→ What needs to be done
Output only the lines below from the one containing "mat_material.roughness = 0.5" to the one containing "me_cube = bpy.data.meshes.new('Cube')", exactly as written, both ends kept.

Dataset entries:

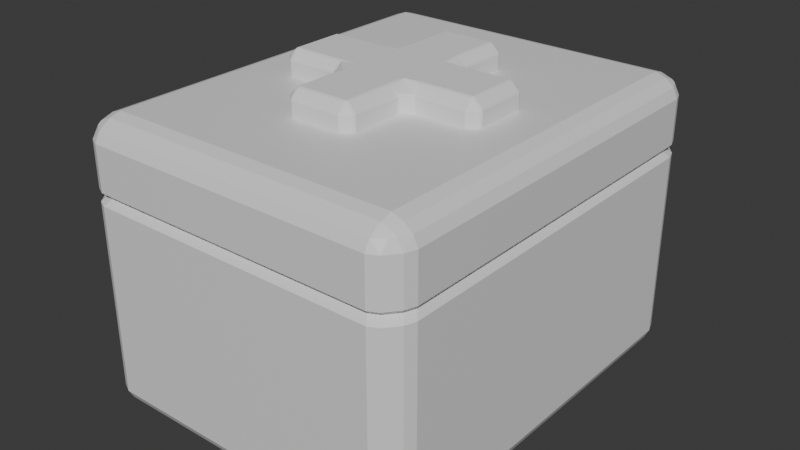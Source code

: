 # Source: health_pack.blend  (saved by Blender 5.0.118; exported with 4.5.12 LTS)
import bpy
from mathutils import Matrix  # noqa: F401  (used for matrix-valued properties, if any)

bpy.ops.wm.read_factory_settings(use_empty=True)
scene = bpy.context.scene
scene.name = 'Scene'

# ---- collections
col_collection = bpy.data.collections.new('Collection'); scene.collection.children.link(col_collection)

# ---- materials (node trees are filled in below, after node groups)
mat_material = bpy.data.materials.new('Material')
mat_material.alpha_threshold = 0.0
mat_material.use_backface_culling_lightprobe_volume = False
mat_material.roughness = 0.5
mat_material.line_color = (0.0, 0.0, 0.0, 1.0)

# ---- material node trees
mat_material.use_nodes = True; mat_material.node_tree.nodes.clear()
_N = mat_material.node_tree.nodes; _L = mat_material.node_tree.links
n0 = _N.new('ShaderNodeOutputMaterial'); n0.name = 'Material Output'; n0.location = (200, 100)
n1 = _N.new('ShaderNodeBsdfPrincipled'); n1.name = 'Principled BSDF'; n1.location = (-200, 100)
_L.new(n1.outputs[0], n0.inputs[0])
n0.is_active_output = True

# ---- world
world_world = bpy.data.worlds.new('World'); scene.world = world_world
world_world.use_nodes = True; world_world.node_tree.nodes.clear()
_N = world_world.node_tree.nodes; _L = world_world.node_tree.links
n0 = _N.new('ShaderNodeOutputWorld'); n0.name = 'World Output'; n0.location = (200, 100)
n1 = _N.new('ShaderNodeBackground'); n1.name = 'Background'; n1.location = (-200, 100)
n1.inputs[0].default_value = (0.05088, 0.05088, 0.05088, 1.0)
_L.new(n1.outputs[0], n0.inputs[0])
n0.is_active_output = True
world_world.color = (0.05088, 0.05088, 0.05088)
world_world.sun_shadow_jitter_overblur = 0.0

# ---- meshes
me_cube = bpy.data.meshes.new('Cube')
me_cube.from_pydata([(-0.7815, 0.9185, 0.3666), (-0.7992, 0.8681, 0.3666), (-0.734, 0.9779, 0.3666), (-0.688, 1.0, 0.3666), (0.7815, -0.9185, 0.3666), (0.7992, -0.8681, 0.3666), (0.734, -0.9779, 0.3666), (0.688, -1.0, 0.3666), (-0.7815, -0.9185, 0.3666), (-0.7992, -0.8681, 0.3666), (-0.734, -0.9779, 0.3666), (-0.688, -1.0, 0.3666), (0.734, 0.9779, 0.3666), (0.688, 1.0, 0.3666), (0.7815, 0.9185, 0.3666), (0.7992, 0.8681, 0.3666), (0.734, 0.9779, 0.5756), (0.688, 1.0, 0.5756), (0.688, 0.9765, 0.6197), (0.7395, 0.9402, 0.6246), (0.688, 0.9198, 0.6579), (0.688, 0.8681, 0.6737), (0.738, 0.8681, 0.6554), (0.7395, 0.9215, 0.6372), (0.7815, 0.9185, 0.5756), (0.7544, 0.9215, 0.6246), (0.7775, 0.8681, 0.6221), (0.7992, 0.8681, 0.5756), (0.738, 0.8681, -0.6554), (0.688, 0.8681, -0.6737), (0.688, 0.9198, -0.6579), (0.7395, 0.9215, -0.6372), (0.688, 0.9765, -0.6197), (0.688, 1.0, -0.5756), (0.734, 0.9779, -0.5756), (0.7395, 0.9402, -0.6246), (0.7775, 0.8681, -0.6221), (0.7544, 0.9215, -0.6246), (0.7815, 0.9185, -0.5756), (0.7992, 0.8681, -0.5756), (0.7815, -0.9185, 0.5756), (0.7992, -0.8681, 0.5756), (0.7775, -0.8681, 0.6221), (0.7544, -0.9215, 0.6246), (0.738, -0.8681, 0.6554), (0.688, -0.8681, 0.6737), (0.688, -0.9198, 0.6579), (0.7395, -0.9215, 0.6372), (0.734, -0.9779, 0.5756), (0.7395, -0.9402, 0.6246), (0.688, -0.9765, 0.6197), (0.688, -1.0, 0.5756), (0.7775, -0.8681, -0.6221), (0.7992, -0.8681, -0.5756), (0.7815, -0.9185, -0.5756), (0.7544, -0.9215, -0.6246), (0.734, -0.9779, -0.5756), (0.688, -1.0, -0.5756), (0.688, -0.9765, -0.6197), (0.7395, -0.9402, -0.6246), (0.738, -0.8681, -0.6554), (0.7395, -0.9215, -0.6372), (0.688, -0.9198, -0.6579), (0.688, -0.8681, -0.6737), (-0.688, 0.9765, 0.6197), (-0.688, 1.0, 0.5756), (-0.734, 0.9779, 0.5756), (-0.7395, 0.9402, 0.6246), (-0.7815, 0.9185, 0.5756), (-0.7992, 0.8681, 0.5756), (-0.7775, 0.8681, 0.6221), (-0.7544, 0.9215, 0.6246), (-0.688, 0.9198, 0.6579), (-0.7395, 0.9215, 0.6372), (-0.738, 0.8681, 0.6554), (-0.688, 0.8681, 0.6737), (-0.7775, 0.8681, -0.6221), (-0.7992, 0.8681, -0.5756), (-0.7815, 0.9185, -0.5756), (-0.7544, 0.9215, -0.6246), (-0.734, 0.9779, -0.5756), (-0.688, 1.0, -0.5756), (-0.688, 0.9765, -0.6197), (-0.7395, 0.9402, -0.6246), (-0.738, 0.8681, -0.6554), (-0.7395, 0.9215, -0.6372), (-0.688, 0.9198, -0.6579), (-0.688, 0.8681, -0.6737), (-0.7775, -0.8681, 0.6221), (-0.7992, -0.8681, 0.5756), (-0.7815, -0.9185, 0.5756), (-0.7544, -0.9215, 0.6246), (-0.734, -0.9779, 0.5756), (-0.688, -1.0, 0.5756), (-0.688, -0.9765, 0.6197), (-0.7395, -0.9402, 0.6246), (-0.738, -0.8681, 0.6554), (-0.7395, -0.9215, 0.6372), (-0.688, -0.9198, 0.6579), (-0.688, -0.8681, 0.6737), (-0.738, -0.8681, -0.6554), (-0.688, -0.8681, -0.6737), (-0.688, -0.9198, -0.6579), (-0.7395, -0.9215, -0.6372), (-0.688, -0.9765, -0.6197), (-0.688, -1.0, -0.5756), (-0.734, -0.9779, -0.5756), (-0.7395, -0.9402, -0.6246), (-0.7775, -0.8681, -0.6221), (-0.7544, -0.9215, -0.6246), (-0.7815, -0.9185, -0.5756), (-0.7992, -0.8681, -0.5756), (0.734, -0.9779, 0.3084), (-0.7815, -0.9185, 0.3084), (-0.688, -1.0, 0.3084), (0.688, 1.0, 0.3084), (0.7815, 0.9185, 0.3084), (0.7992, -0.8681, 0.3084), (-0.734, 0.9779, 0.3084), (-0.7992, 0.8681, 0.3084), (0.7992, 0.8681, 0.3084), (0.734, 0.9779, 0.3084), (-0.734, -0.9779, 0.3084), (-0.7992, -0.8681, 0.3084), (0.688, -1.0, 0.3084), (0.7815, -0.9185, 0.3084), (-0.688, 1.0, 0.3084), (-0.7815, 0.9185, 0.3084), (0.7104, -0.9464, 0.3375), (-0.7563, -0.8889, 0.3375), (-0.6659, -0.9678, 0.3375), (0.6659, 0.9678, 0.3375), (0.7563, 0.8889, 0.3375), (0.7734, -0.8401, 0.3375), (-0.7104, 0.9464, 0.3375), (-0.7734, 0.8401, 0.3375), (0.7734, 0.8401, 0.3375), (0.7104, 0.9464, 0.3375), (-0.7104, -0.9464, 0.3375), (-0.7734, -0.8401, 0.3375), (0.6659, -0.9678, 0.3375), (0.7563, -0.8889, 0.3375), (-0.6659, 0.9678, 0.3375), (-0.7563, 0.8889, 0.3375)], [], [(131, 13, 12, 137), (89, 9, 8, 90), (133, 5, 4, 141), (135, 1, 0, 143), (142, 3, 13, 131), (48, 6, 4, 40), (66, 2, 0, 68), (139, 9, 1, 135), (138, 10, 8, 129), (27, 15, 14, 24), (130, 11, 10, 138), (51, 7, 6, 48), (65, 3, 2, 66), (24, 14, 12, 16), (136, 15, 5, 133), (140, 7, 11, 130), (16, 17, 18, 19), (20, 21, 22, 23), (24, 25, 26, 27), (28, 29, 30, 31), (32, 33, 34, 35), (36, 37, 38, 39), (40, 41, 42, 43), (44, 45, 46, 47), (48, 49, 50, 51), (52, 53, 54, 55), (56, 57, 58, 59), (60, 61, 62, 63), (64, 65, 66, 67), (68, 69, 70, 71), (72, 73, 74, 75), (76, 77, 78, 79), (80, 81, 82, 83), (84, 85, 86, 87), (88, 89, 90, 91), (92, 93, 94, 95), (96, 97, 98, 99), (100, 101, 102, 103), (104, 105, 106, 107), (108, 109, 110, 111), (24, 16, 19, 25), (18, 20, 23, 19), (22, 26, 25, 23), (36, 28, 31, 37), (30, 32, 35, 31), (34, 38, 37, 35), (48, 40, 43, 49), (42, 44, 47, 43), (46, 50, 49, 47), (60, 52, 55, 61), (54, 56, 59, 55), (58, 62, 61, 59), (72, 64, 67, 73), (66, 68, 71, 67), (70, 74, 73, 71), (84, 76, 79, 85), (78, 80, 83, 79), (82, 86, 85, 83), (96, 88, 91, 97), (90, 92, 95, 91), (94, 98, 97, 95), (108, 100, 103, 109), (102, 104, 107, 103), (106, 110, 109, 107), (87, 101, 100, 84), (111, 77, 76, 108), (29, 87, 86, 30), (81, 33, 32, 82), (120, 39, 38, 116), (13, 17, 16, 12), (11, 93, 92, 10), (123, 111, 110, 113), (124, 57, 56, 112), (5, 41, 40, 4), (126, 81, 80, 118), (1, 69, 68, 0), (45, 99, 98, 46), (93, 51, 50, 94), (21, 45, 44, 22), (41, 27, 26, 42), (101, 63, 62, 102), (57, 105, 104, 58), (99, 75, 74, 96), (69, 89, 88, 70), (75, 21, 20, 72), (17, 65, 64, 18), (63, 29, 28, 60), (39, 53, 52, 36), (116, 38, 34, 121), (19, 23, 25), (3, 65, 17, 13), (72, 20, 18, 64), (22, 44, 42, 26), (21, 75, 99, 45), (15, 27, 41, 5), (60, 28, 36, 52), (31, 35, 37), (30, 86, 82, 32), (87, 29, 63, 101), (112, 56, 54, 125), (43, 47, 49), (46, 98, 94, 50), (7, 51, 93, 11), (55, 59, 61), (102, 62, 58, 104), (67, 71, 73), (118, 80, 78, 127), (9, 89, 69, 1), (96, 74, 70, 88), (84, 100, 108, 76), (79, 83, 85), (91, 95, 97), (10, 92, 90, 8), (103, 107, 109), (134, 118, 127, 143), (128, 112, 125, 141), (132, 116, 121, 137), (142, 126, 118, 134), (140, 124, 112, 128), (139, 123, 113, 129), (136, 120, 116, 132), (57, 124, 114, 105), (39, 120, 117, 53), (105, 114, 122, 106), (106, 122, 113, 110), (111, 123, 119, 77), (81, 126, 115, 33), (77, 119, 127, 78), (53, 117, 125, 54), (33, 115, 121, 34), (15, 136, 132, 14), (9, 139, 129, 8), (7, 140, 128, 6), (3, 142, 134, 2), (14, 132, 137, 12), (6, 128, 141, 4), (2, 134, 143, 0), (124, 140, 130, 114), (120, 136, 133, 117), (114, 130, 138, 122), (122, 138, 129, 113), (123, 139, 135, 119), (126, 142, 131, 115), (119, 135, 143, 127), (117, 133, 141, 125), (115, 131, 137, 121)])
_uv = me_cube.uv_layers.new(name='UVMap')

→ Task solution
mat_material.roughness = 0.5
mat_material.line_color = (0.0, 0.0, 0.0, 1.0)

# ---- material node trees
mat_material.use_nodes = True; mat_material.node_tree.nodes.clear()
_N = mat_material.node_tree.nodes; _L = mat_material.node_tree.links
n0 = _N.new('ShaderNodeOutputMaterial'); n0.name = 'Material Output'; n0.location = (200, 100)
n1 = _N.new('ShaderNodeBsdfPrincipled'); n1.name = 'Principled BSDF'; n1.location = (-200, 100)
_L.new(n1.outputs[0], n0.inputs[0])
n0.is_active_output = True

# ---- world
world_world = bpy.data.worlds.new('World'); scene.world = world_world
world_world.use_nodes = True; world_world.node_tree.nodes.clear()
_N = world_world.node_tree.nodes; _L = world_world.node_tree.links
n0 = _N.new('ShaderNodeOutputWorld'); n0.name = 'World Output'; n0.location = (200, 100)
n1 = _N.new('ShaderNodeBackground'); n1.name = 'Background'; n1.location = (-200, 100)
n1.inputs[0].default_value = (0.05088, 0.05088, 0.05088, 1.0)
_L.new(n1.outputs[0], n0.inputs[0])
n0.is_active_output = True
world_world.color = (0.05088, 0.05088, 0.05088)
world_world.sun_shadow_jitter_overblur = 0.0

# ---- meshes
me_cube = bpy.data.meshes.new('Cube')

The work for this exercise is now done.